═════ MATERIAL PROVIDED ═════
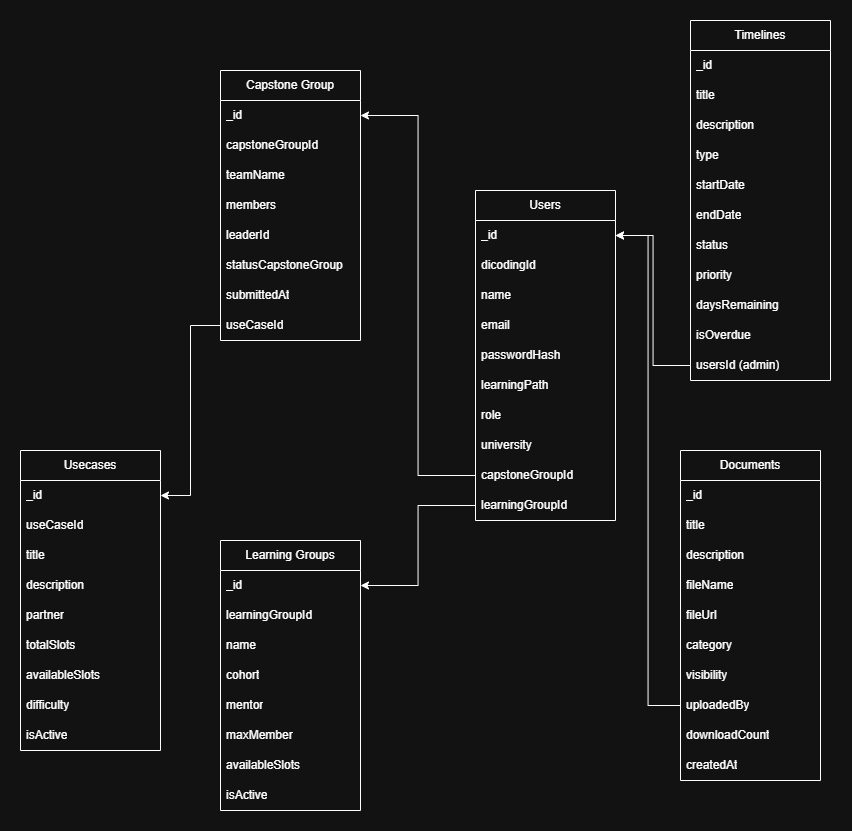

The diagram above was exported from draw.io. Its source (the exported page's mxGraphModel, read from the mxfile embedded in the PNG):
<mxGraphModel dx="2008" dy="586" grid="1" gridSize="10" guides="1" tooltips="1" connect="1" arrows="1" fold="1" page="1" pageScale="1" pageWidth="850" pageHeight="1100" math="0" shadow="0">
  <root>
    <mxCell id="0" />
    <mxCell id="1" parent="0" />
    <mxCell id="bNNC0OrUwJomG-llqAgJ-1" value="Users" style="swimlane;fontStyle=0;childLayout=stackLayout;horizontal=1;startSize=30;horizontalStack=0;resizeParent=1;resizeParentMax=0;resizeLast=0;collapsible=1;marginBottom=0;whiteSpace=wrap;html=1;" vertex="1" parent="1">
      <mxGeometry x="355" y="190" width="140" height="330" as="geometry">
        <mxRectangle x="360" y="220" width="70" height="30" as="alternateBounds" />
      </mxGeometry>
    </mxCell>
    <mxCell id="bNNC0OrUwJomG-llqAgJ-2" value="_id" style="text;align=left;verticalAlign=middle;spacingLeft=4;spacingRight=4;overflow=hidden;points=[[0,0.5],[1,0.5]];portConstraint=eastwest;rotatable=0;whiteSpace=wrap;html=1;" vertex="1" parent="bNNC0OrUwJomG-llqAgJ-1">
      <mxGeometry y="30" width="140" height="30" as="geometry" />
    </mxCell>
    <mxCell id="bNNC0OrUwJomG-llqAgJ-3" value="dicodingId" style="text;align=left;verticalAlign=middle;spacingLeft=4;spacingRight=4;overflow=hidden;points=[[0,0.5],[1,0.5]];portConstraint=eastwest;rotatable=0;whiteSpace=wrap;html=1;" vertex="1" parent="bNNC0OrUwJomG-llqAgJ-1">
      <mxGeometry y="60" width="140" height="30" as="geometry" />
    </mxCell>
    <mxCell id="bNNC0OrUwJomG-llqAgJ-4" value="name" style="text;align=left;verticalAlign=middle;spacingLeft=4;spacingRight=4;overflow=hidden;points=[[0,0.5],[1,0.5]];portConstraint=eastwest;rotatable=0;whiteSpace=wrap;html=1;" vertex="1" parent="bNNC0OrUwJomG-llqAgJ-1">
      <mxGeometry y="90" width="140" height="30" as="geometry" />
    </mxCell>
    <mxCell id="bNNC0OrUwJomG-llqAgJ-8" value="email" style="text;align=left;verticalAlign=middle;spacingLeft=4;spacingRight=4;overflow=hidden;points=[[0,0.5],[1,0.5]];portConstraint=eastwest;rotatable=0;whiteSpace=wrap;html=1;" vertex="1" parent="bNNC0OrUwJomG-llqAgJ-1">
      <mxGeometry y="120" width="140" height="30" as="geometry" />
    </mxCell>
    <mxCell id="bNNC0OrUwJomG-llqAgJ-9" value="passwordHash" style="text;align=left;verticalAlign=middle;spacingLeft=4;spacingRight=4;overflow=hidden;points=[[0,0.5],[1,0.5]];portConstraint=eastwest;rotatable=0;whiteSpace=wrap;html=1;" vertex="1" parent="bNNC0OrUwJomG-llqAgJ-1">
      <mxGeometry y="150" width="140" height="30" as="geometry" />
    </mxCell>
    <mxCell id="bNNC0OrUwJomG-llqAgJ-10" value="learningPath" style="text;align=left;verticalAlign=middle;spacingLeft=4;spacingRight=4;overflow=hidden;points=[[0,0.5],[1,0.5]];portConstraint=eastwest;rotatable=0;whiteSpace=wrap;html=1;" vertex="1" parent="bNNC0OrUwJomG-llqAgJ-1">
      <mxGeometry y="180" width="140" height="30" as="geometry" />
    </mxCell>
    <mxCell id="bNNC0OrUwJomG-llqAgJ-11" value="role" style="text;align=left;verticalAlign=middle;spacingLeft=4;spacingRight=4;overflow=hidden;points=[[0,0.5],[1,0.5]];portConstraint=eastwest;rotatable=0;whiteSpace=wrap;html=1;" vertex="1" parent="bNNC0OrUwJomG-llqAgJ-1">
      <mxGeometry y="210" width="140" height="30" as="geometry" />
    </mxCell>
    <mxCell id="bNNC0OrUwJomG-llqAgJ-12" value="university" style="text;align=left;verticalAlign=middle;spacingLeft=4;spacingRight=4;overflow=hidden;points=[[0,0.5],[1,0.5]];portConstraint=eastwest;rotatable=0;whiteSpace=wrap;html=1;" vertex="1" parent="bNNC0OrUwJomG-llqAgJ-1">
      <mxGeometry y="240" width="140" height="30" as="geometry" />
    </mxCell>
    <mxCell id="bNNC0OrUwJomG-llqAgJ-63" value="capstoneGroupId" style="text;align=left;verticalAlign=middle;spacingLeft=4;spacingRight=4;overflow=hidden;points=[[0,0.5],[1,0.5]];portConstraint=eastwest;rotatable=0;whiteSpace=wrap;html=1;" vertex="1" parent="bNNC0OrUwJomG-llqAgJ-1">
      <mxGeometry y="270" width="140" height="30" as="geometry" />
    </mxCell>
    <mxCell id="bNNC0OrUwJomG-llqAgJ-67" value="learningGroupId" style="text;align=left;verticalAlign=middle;spacingLeft=4;spacingRight=4;overflow=hidden;points=[[0,0.5],[1,0.5]];portConstraint=eastwest;rotatable=0;whiteSpace=wrap;html=1;" vertex="1" parent="bNNC0OrUwJomG-llqAgJ-1">
      <mxGeometry y="300" width="140" height="30" as="geometry" />
    </mxCell>
    <mxCell id="bNNC0OrUwJomG-llqAgJ-13" value="Capstone&amp;nbsp;&lt;span style=&quot;background-color: transparent; color: light-dark(rgb(0, 0, 0), rgb(255, 255, 255));&quot;&gt;Group&lt;/span&gt;" style="swimlane;fontStyle=0;childLayout=stackLayout;horizontal=1;startSize=30;horizontalStack=0;resizeParent=1;resizeParentMax=0;resizeLast=0;collapsible=1;marginBottom=0;whiteSpace=wrap;html=1;" vertex="1" parent="1">
      <mxGeometry x="100" y="70" width="140" height="270" as="geometry" />
    </mxCell>
    <mxCell id="bNNC0OrUwJomG-llqAgJ-24" value="_id" style="text;align=left;verticalAlign=middle;spacingLeft=4;spacingRight=4;overflow=hidden;points=[[0,0.5],[1,0.5]];portConstraint=eastwest;rotatable=0;whiteSpace=wrap;html=1;" vertex="1" parent="bNNC0OrUwJomG-llqAgJ-13">
      <mxGeometry y="30" width="140" height="30" as="geometry" />
    </mxCell>
    <mxCell id="bNNC0OrUwJomG-llqAgJ-14" value="capstoneGroupId" style="text;strokeColor=none;fillColor=none;align=left;verticalAlign=middle;spacingLeft=4;spacingRight=4;overflow=hidden;points=[[0,0.5],[1,0.5]];portConstraint=eastwest;rotatable=0;whiteSpace=wrap;html=1;" vertex="1" parent="bNNC0OrUwJomG-llqAgJ-13">
      <mxGeometry y="60" width="140" height="30" as="geometry" />
    </mxCell>
    <mxCell id="bNNC0OrUwJomG-llqAgJ-15" value="teamName" style="text;strokeColor=none;fillColor=none;align=left;verticalAlign=middle;spacingLeft=4;spacingRight=4;overflow=hidden;points=[[0,0.5],[1,0.5]];portConstraint=eastwest;rotatable=0;whiteSpace=wrap;html=1;" vertex="1" parent="bNNC0OrUwJomG-llqAgJ-13">
      <mxGeometry y="90" width="140" height="30" as="geometry" />
    </mxCell>
    <mxCell id="bNNC0OrUwJomG-llqAgJ-16" value="members" style="text;strokeColor=none;fillColor=none;align=left;verticalAlign=middle;spacingLeft=4;spacingRight=4;overflow=hidden;points=[[0,0.5],[1,0.5]];portConstraint=eastwest;rotatable=0;whiteSpace=wrap;html=1;" vertex="1" parent="bNNC0OrUwJomG-llqAgJ-13">
      <mxGeometry y="120" width="140" height="30" as="geometry" />
    </mxCell>
    <mxCell id="bNNC0OrUwJomG-llqAgJ-17" value="leaderId" style="text;align=left;verticalAlign=middle;spacingLeft=4;spacingRight=4;overflow=hidden;points=[[0,0.5],[1,0.5]];portConstraint=eastwest;rotatable=0;whiteSpace=wrap;html=1;" vertex="1" parent="bNNC0OrUwJomG-llqAgJ-13">
      <mxGeometry y="150" width="140" height="30" as="geometry" />
    </mxCell>
    <mxCell id="bNNC0OrUwJomG-llqAgJ-18" value="statusCapstoneGroup" style="text;align=left;verticalAlign=middle;spacingLeft=4;spacingRight=4;overflow=hidden;points=[[0,0.5],[1,0.5]];portConstraint=eastwest;rotatable=0;whiteSpace=wrap;html=1;" vertex="1" parent="bNNC0OrUwJomG-llqAgJ-13">
      <mxGeometry y="180" width="140" height="30" as="geometry" />
    </mxCell>
    <mxCell id="bNNC0OrUwJomG-llqAgJ-19" value="submittedAt" style="text;align=left;verticalAlign=middle;spacingLeft=4;spacingRight=4;overflow=hidden;points=[[0,0.5],[1,0.5]];portConstraint=eastwest;rotatable=0;whiteSpace=wrap;html=1;" vertex="1" parent="bNNC0OrUwJomG-llqAgJ-13">
      <mxGeometry y="210" width="140" height="30" as="geometry" />
    </mxCell>
    <mxCell id="bNNC0OrUwJomG-llqAgJ-65" value="useCaseId" style="text;align=left;verticalAlign=middle;spacingLeft=4;spacingRight=4;overflow=hidden;points=[[0,0.5],[1,0.5]];portConstraint=eastwest;rotatable=0;whiteSpace=wrap;html=1;" vertex="1" parent="bNNC0OrUwJomG-llqAgJ-13">
      <mxGeometry y="240" width="140" height="30" as="geometry" />
    </mxCell>
    <mxCell id="bNNC0OrUwJomG-llqAgJ-20" value="Usecases" style="swimlane;fontStyle=0;childLayout=stackLayout;horizontal=1;startSize=30;horizontalStack=0;resizeParent=1;resizeParentMax=0;resizeLast=0;collapsible=1;marginBottom=0;whiteSpace=wrap;html=1;" vertex="1" parent="1">
      <mxGeometry x="-100" y="450" width="140" height="300" as="geometry" />
    </mxCell>
    <mxCell id="bNNC0OrUwJomG-llqAgJ-21" value="_id" style="text;strokeColor=none;fillColor=none;align=left;verticalAlign=middle;spacingLeft=4;spacingRight=4;overflow=hidden;points=[[0,0.5],[1,0.5]];portConstraint=eastwest;rotatable=0;whiteSpace=wrap;html=1;" vertex="1" parent="bNNC0OrUwJomG-llqAgJ-20">
      <mxGeometry y="30" width="140" height="30" as="geometry" />
    </mxCell>
    <mxCell id="bNNC0OrUwJomG-llqAgJ-22" value="useCaseId" style="text;strokeColor=none;fillColor=none;align=left;verticalAlign=middle;spacingLeft=4;spacingRight=4;overflow=hidden;points=[[0,0.5],[1,0.5]];portConstraint=eastwest;rotatable=0;whiteSpace=wrap;html=1;" vertex="1" parent="bNNC0OrUwJomG-llqAgJ-20">
      <mxGeometry y="60" width="140" height="30" as="geometry" />
    </mxCell>
    <mxCell id="bNNC0OrUwJomG-llqAgJ-23" value="title" style="text;strokeColor=none;fillColor=none;align=left;verticalAlign=middle;spacingLeft=4;spacingRight=4;overflow=hidden;points=[[0,0.5],[1,0.5]];portConstraint=eastwest;rotatable=0;whiteSpace=wrap;html=1;" vertex="1" parent="bNNC0OrUwJomG-llqAgJ-20">
      <mxGeometry y="90" width="140" height="30" as="geometry" />
    </mxCell>
    <mxCell id="bNNC0OrUwJomG-llqAgJ-25" value="description" style="text;align=left;verticalAlign=middle;spacingLeft=4;spacingRight=4;overflow=hidden;points=[[0,0.5],[1,0.5]];portConstraint=eastwest;rotatable=0;whiteSpace=wrap;html=1;" vertex="1" parent="bNNC0OrUwJomG-llqAgJ-20">
      <mxGeometry y="120" width="140" height="30" as="geometry" />
    </mxCell>
    <mxCell id="bNNC0OrUwJomG-llqAgJ-26" value="partner" style="text;align=left;verticalAlign=middle;spacingLeft=4;spacingRight=4;overflow=hidden;points=[[0,0.5],[1,0.5]];portConstraint=eastwest;rotatable=0;whiteSpace=wrap;html=1;" vertex="1" parent="bNNC0OrUwJomG-llqAgJ-20">
      <mxGeometry y="150" width="140" height="30" as="geometry" />
    </mxCell>
    <mxCell id="bNNC0OrUwJomG-llqAgJ-27" value="totalSlots" style="text;align=left;verticalAlign=middle;spacingLeft=4;spacingRight=4;overflow=hidden;points=[[0,0.5],[1,0.5]];portConstraint=eastwest;rotatable=0;whiteSpace=wrap;html=1;" vertex="1" parent="bNNC0OrUwJomG-llqAgJ-20">
      <mxGeometry y="180" width="140" height="30" as="geometry" />
    </mxCell>
    <mxCell id="bNNC0OrUwJomG-llqAgJ-28" value="availableSlots" style="text;align=left;verticalAlign=middle;spacingLeft=4;spacingRight=4;overflow=hidden;points=[[0,0.5],[1,0.5]];portConstraint=eastwest;rotatable=0;whiteSpace=wrap;html=1;" vertex="1" parent="bNNC0OrUwJomG-llqAgJ-20">
      <mxGeometry y="210" width="140" height="30" as="geometry" />
    </mxCell>
    <mxCell id="bNNC0OrUwJomG-llqAgJ-29" value="difficulty" style="text;align=left;verticalAlign=middle;spacingLeft=4;spacingRight=4;overflow=hidden;points=[[0,0.5],[1,0.5]];portConstraint=eastwest;rotatable=0;whiteSpace=wrap;html=1;" vertex="1" parent="bNNC0OrUwJomG-llqAgJ-20">
      <mxGeometry y="240" width="140" height="30" as="geometry" />
    </mxCell>
    <mxCell id="bNNC0OrUwJomG-llqAgJ-30" value="isActive" style="text;align=left;verticalAlign=middle;spacingLeft=4;spacingRight=4;overflow=hidden;points=[[0,0.5],[1,0.5]];portConstraint=eastwest;rotatable=0;whiteSpace=wrap;html=1;" vertex="1" parent="bNNC0OrUwJomG-llqAgJ-20">
      <mxGeometry y="270" width="140" height="30" as="geometry" />
    </mxCell>
    <mxCell id="bNNC0OrUwJomG-llqAgJ-31" value="Documents" style="swimlane;fontStyle=0;childLayout=stackLayout;horizontal=1;startSize=30;horizontalStack=0;resizeParent=1;resizeParentMax=0;resizeLast=0;collapsible=1;marginBottom=0;whiteSpace=wrap;html=1;" vertex="1" parent="1">
      <mxGeometry x="560" y="450" width="140" height="330" as="geometry" />
    </mxCell>
    <mxCell id="bNNC0OrUwJomG-llqAgJ-32" value="_id" style="text;strokeColor=none;fillColor=none;align=left;verticalAlign=middle;spacingLeft=4;spacingRight=4;overflow=hidden;points=[[0,0.5],[1,0.5]];portConstraint=eastwest;rotatable=0;whiteSpace=wrap;html=1;" vertex="1" parent="bNNC0OrUwJomG-llqAgJ-31">
      <mxGeometry y="30" width="140" height="30" as="geometry" />
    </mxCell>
═════
▶ _PROBLEM STATEMENT_
Scan the material above. Copy each line that holds the word "page".

▶ _COMPLETED TASK_
The diagram above was exported from draw.io. Its source (the exported page's mxGraphModel, read from the mxfile embedded in the PNG):
<mxGraphModel dx="2008" dy="586" grid="1" gridSize="10" guides="1" tooltips="1" connect="1" arrows="1" fold="1" page="1" pageScale="1" pageWidth="850" pageHeight="1100" math="0" shadow="0">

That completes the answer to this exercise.